Here's an example of the simpler case where a pylibcudf.Table is created
on some CUDA stream and that same stream is used for the DataFrame:
import polars as pl
import pyarrow as pa
import pylibcudf as plc
from rmm.pylibrmm.stream import Stream
from cudf_polars.containers import DataFrame, DataType
stream = Stream()
t = plc.Table.from_arrow(
pa.Table.from_pylist([{"a": 1, "b": 0}, {"a": 1, "b": 1}, {"a": 2, "b": 0}]),
stream=stream
)
# t is valid on `stream`. So we must provide `stream` or some CUDA Stream that's
# downstream of it
df = DataFrame.from_table(
t,
names=['a', 'b'],
dtypes=[DataType(pl.Int64()), DataType(pl.Int64())],
stream=stream
)
Managing multiple containers, which are potentially valid on different streams,
is more challenging. We have some utilities that can help correctly handle data
from multiple independent sources. For example, to add a new Column to df
that's valid on some independent CUDA stream, we'd use
cudf_polars.utils.cuda_stream.get_joined_cuda_stream to get a new CUDA stream
that's downstream of both the original stream and stream_b.
from cudf_polars.containers import Column
from cudf_polars.utils.cuda_stream import get_joined_cuda_stream
stream_b = Stream()
col = Column(plc.Column.from_arrow(pa.array([1, 2, 3]), stream=stream_b), dtype=pl.Int64(), name="c")

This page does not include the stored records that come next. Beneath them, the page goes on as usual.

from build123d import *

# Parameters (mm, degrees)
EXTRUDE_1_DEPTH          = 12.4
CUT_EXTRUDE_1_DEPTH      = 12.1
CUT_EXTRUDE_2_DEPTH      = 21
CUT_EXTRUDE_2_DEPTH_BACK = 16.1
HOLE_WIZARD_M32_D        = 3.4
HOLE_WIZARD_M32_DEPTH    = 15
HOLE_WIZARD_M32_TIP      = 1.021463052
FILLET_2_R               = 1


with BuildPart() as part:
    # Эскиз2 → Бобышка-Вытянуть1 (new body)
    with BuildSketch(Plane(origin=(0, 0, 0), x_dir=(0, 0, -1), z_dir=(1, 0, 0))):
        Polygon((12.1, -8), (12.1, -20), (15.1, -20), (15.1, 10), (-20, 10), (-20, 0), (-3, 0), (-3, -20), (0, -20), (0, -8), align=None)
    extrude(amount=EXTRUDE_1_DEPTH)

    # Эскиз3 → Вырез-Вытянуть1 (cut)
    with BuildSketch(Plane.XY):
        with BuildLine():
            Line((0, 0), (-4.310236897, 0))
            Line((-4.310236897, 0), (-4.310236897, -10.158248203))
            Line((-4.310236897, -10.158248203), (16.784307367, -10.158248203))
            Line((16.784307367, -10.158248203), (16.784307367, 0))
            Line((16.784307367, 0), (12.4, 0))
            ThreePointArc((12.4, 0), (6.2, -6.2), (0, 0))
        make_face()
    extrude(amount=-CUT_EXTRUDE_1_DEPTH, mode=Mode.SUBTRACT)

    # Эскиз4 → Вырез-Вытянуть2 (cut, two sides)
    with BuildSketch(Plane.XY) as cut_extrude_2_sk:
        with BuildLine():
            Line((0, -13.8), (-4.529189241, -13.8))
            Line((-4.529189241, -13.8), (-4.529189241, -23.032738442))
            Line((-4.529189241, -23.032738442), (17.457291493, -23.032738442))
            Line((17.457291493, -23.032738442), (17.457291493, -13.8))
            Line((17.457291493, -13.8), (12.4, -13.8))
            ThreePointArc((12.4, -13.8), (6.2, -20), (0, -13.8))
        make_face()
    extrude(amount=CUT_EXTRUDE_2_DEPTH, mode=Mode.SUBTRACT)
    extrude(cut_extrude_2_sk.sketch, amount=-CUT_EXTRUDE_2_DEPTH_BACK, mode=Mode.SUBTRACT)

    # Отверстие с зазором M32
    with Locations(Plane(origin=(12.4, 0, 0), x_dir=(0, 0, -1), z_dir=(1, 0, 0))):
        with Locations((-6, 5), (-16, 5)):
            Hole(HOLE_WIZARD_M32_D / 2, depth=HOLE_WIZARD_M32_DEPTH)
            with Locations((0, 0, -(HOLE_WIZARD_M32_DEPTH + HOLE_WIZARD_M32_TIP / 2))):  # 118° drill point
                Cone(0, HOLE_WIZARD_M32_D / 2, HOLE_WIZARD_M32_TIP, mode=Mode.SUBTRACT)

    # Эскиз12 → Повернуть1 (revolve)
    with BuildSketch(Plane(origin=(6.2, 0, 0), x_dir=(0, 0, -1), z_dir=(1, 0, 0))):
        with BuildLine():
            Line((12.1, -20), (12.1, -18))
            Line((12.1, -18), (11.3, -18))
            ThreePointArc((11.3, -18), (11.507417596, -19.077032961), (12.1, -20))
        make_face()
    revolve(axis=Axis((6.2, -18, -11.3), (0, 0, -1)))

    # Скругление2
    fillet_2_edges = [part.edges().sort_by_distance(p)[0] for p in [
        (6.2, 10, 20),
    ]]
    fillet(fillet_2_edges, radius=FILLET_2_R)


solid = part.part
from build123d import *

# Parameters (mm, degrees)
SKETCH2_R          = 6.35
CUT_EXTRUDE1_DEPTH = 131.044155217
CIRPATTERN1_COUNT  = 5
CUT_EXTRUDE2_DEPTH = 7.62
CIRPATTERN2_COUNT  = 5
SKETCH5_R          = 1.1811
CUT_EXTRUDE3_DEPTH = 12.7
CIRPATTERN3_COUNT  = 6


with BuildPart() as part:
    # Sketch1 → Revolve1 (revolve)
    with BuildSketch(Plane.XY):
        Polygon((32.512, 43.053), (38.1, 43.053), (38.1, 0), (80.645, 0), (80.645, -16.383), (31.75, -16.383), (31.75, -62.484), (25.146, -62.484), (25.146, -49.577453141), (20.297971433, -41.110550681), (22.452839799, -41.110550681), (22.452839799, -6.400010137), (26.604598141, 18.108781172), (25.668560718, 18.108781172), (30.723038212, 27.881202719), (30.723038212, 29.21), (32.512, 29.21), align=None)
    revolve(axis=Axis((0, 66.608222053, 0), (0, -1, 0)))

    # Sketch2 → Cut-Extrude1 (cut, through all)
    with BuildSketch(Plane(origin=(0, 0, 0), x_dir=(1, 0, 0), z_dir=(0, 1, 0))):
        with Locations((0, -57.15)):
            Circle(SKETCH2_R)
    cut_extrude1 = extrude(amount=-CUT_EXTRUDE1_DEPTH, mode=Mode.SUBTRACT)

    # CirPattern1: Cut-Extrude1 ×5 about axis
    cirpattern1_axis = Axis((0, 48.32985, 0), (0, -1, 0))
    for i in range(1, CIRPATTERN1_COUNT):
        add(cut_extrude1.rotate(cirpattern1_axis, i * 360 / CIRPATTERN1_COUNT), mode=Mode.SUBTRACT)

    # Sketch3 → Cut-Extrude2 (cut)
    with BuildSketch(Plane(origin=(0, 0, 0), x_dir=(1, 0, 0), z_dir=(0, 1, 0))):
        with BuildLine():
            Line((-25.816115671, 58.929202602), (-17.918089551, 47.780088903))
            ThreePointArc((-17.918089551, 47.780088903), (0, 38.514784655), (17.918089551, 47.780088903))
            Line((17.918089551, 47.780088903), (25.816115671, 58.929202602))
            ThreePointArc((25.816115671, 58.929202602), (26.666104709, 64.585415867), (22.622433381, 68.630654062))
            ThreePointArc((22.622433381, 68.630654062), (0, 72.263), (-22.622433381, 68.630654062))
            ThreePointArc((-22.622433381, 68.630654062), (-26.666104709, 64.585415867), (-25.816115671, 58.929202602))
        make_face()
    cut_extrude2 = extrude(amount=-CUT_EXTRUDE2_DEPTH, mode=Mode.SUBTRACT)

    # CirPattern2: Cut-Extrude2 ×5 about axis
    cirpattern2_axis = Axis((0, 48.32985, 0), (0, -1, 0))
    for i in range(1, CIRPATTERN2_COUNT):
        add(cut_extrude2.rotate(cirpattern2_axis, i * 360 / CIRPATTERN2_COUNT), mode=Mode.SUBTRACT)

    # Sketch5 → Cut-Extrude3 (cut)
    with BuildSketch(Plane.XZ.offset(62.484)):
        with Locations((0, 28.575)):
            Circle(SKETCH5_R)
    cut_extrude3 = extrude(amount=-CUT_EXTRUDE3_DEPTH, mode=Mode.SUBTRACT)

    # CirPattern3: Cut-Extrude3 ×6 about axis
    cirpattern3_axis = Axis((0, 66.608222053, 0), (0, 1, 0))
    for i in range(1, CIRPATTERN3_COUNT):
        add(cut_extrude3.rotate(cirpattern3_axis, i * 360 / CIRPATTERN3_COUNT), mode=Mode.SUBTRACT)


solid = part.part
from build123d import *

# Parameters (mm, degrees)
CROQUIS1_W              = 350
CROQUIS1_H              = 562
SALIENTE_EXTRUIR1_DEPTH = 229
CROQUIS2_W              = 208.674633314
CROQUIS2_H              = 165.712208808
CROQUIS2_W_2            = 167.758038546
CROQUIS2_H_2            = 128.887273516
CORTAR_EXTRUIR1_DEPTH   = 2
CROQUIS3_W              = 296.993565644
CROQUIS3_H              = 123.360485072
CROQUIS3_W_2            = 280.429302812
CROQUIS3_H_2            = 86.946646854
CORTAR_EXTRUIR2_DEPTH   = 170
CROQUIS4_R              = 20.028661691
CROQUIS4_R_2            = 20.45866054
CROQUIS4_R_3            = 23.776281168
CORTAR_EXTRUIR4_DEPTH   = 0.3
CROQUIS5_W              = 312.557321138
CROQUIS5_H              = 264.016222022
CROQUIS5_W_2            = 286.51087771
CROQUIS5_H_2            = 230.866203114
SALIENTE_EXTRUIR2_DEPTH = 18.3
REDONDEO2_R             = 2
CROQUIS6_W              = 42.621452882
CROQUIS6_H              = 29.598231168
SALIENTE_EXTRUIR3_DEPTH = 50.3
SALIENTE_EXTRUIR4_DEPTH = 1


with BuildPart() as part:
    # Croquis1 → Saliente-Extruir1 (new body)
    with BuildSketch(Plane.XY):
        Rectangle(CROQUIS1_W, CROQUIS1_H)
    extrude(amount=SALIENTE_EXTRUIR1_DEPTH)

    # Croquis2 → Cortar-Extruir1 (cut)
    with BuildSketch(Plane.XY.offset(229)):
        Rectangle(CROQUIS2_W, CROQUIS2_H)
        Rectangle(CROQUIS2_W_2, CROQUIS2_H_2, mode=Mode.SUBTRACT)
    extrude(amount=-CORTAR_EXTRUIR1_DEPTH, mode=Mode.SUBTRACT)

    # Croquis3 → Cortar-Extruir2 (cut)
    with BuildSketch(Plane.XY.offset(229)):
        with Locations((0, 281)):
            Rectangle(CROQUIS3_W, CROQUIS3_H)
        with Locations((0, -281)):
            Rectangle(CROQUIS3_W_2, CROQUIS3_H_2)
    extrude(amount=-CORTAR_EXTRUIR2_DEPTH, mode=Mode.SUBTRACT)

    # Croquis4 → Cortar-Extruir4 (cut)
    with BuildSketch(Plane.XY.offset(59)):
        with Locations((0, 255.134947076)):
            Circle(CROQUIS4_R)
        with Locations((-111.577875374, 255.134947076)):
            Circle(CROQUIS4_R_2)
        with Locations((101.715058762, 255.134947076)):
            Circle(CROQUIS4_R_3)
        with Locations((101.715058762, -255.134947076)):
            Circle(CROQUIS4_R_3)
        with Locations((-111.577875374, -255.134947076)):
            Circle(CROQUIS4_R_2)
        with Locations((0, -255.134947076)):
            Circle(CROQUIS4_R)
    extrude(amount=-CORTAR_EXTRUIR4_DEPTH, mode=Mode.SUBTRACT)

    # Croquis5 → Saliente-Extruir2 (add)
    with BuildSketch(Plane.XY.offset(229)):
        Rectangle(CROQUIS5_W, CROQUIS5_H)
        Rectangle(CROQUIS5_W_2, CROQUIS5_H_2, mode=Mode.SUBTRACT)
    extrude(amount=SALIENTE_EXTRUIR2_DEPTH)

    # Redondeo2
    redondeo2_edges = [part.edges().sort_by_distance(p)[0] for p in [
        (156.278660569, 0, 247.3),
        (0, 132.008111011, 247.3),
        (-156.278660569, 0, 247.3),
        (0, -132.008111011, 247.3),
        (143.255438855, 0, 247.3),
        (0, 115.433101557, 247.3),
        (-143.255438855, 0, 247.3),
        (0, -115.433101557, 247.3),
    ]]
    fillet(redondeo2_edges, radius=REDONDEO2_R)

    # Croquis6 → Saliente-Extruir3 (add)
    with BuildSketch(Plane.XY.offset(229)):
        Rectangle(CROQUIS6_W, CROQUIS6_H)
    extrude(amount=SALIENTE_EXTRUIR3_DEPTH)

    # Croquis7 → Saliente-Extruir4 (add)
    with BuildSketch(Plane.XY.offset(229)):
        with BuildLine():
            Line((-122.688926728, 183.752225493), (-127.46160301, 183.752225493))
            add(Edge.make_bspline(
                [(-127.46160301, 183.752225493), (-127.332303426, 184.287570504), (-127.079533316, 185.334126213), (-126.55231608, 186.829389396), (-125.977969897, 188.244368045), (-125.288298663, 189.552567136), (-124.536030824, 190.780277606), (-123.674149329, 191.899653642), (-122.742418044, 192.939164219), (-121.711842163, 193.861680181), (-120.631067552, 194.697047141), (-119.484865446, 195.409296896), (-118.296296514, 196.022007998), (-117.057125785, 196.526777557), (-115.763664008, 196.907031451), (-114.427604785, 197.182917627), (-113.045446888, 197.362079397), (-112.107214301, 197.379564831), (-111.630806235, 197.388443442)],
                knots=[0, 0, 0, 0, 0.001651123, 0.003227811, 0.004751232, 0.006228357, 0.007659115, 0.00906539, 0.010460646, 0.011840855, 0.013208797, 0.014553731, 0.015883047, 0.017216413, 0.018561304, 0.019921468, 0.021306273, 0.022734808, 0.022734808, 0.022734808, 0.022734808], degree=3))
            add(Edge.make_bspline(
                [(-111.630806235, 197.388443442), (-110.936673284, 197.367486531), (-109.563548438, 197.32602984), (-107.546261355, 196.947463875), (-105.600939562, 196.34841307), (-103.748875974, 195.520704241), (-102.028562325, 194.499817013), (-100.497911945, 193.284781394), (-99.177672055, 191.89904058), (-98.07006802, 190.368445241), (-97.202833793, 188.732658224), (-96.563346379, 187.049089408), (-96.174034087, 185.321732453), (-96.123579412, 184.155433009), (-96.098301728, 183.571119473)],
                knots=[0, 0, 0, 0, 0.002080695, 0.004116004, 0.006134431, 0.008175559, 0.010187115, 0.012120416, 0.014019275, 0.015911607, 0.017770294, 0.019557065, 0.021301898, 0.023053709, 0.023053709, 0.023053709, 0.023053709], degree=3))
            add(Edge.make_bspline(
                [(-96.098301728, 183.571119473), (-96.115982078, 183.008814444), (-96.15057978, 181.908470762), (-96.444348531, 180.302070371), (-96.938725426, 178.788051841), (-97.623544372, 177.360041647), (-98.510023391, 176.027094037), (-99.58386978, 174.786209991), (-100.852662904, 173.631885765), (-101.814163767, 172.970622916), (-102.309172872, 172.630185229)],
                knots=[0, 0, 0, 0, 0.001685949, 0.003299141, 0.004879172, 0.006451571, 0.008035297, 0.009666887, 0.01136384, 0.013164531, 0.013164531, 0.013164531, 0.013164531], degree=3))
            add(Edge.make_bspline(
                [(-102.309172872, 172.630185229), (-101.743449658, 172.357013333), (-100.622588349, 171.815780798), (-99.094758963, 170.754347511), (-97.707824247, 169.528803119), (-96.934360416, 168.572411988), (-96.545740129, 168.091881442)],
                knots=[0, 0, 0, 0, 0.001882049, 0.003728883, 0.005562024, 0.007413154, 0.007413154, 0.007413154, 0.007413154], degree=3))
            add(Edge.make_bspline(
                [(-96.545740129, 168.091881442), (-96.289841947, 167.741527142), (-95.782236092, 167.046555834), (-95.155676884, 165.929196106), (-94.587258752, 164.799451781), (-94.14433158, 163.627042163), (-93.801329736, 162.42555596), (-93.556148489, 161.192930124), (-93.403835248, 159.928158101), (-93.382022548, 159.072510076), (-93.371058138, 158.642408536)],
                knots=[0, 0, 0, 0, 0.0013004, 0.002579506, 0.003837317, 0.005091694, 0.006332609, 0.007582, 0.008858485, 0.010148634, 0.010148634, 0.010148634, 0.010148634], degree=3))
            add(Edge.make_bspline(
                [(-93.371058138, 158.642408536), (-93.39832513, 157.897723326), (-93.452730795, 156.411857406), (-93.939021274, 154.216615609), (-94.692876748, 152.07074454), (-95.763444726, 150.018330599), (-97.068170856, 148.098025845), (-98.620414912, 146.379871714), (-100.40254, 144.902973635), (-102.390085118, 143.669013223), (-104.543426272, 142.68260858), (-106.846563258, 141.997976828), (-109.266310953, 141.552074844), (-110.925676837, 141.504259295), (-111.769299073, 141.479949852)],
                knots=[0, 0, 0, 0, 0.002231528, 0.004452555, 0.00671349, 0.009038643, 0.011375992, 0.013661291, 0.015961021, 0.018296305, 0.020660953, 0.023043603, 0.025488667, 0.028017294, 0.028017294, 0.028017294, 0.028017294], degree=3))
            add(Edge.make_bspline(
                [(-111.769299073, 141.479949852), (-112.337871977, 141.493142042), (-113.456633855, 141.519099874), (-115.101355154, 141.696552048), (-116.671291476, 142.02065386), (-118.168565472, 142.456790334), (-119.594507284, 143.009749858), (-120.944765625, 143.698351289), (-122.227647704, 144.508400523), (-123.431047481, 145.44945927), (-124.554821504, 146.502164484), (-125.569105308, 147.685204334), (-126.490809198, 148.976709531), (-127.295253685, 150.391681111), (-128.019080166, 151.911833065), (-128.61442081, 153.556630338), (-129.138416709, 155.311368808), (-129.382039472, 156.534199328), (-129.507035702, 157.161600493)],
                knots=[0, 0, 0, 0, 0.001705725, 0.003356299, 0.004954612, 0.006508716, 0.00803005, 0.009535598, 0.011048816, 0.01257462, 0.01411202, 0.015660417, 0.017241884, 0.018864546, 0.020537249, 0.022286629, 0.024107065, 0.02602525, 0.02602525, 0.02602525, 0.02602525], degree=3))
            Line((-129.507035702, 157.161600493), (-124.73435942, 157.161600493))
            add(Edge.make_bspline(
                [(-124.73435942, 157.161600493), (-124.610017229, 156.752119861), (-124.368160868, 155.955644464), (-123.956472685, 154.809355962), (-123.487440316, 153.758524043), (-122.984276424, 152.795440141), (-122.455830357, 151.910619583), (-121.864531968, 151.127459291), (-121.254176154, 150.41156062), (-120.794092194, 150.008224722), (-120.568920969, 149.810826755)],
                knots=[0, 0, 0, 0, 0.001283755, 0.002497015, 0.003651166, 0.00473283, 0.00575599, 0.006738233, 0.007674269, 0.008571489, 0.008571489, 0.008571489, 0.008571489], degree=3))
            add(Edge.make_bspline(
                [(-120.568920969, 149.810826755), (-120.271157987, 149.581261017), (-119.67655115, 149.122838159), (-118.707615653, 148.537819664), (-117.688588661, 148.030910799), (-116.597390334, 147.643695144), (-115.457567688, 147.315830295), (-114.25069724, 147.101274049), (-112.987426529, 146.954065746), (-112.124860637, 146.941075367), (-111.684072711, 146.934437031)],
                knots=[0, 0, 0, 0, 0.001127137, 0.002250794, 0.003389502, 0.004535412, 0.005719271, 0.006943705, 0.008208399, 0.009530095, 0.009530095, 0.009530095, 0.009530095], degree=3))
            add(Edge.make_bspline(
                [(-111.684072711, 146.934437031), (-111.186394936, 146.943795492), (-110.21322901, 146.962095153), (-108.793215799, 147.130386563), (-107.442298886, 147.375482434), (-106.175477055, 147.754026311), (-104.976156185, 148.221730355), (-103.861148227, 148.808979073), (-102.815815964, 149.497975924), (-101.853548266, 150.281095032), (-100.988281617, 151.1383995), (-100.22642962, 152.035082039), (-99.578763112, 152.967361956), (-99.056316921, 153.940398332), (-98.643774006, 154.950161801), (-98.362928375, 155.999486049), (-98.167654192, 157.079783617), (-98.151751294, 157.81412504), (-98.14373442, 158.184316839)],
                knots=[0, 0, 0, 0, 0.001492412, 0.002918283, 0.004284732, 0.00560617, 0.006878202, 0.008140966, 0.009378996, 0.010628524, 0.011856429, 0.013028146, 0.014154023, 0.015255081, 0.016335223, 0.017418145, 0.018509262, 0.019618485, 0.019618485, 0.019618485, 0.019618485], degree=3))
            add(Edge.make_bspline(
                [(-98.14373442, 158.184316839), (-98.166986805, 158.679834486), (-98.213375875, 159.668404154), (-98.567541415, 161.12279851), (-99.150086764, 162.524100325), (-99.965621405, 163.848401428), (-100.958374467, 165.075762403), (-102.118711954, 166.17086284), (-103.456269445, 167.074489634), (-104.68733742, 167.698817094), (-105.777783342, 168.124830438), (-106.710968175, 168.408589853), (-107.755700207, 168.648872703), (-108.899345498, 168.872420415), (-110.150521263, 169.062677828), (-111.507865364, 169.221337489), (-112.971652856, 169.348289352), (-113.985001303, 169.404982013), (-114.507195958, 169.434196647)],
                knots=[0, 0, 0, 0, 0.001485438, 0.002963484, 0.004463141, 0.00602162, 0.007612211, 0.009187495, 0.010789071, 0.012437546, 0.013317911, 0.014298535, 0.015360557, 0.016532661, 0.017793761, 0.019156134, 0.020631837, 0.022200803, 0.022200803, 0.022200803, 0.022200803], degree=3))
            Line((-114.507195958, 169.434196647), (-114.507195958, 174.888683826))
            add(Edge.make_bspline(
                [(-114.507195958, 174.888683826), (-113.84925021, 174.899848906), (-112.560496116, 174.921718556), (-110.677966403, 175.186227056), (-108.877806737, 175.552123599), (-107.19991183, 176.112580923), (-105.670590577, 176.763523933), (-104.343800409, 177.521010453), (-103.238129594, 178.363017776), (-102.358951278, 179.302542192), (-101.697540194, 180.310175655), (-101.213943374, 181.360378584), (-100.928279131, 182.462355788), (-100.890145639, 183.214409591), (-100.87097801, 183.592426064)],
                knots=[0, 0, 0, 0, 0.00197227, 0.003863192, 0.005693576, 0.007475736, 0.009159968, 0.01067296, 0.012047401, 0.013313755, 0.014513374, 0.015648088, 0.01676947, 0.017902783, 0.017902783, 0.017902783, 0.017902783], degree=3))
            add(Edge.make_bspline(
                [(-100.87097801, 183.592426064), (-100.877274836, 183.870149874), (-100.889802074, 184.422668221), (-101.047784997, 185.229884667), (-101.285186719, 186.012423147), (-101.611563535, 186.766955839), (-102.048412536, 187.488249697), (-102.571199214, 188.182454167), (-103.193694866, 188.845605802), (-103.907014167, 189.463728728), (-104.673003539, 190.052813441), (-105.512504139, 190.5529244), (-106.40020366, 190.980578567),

new_stream = get_joined_cuda_stream(upstreams=(stream, stream_b))
df2 = df.with_columns([col], stream=new_stream)
The same principle applies to using the cudf_polars.containers.DataFrame
constructor with multiple cudf_polars.containers.Column objects that are valid
on multiple streams. It's the caller's responsibility to provide a stream that
all the Columns are valid on, likely by joining together the streams that each
individual stream is valid on.
We use pytest, tests live in the tests/ subdirectory,
organisationally the top-level test files each handle one of the IR
nodes. The goal is that they are parametrized over all the options
each node will handle, to have reasonable coverage. Tests of
expression functionality should live in tests/expressions/.
To write a test an assert correctness, build a lazyframe as a query,
and then use the utility assertion function from
cudf_polars.testing.asserts. This runs the query using both the cudf
executor and polars CPU, and checks that they match. So:
from cudf_polars.testing.asserts import assert_gpu_result_equal
def test_whatever():
query = pl.LazyFrame(...).(...)
assert_gpu_result_equal(query)
Where translation of a query should fail due to the feature being
unsupported we should test this. To assert that translation raises
an exception (usually NotImplementedError), use the utility function
assert_ir_translation_raises:
from cudf_polars.testing.asserts import assert_ir_translation_raises
def test_whatever():
unsupported_query = ...
assert_ir_translation_raises(unsupported_query, NotImplementedError)
This test will fail if translation does not raise.
If the callback execution fails during the polars collect call, we
obtain an error, but are not able to drop into the debugger and
inspect the stack properly: we can't cross the language barrier.
However, we can drive the translation and execution of the DSL by
hand. Given some LazyFrame representing a query, we can first
translate it to our intermediate representation (IR), and then execute
and convert back to polars:
from cudf_polars.dsl.translate import Translator
from cudf_polars.dsl.ir import IRExecutionContext
from rmm.pylibrmm.stream import DEFAULT_STREAM
import polars as pl
q = ...
# Convert to our IR
translator = Translator(q._ldf.visit(), pl.GPUEngine())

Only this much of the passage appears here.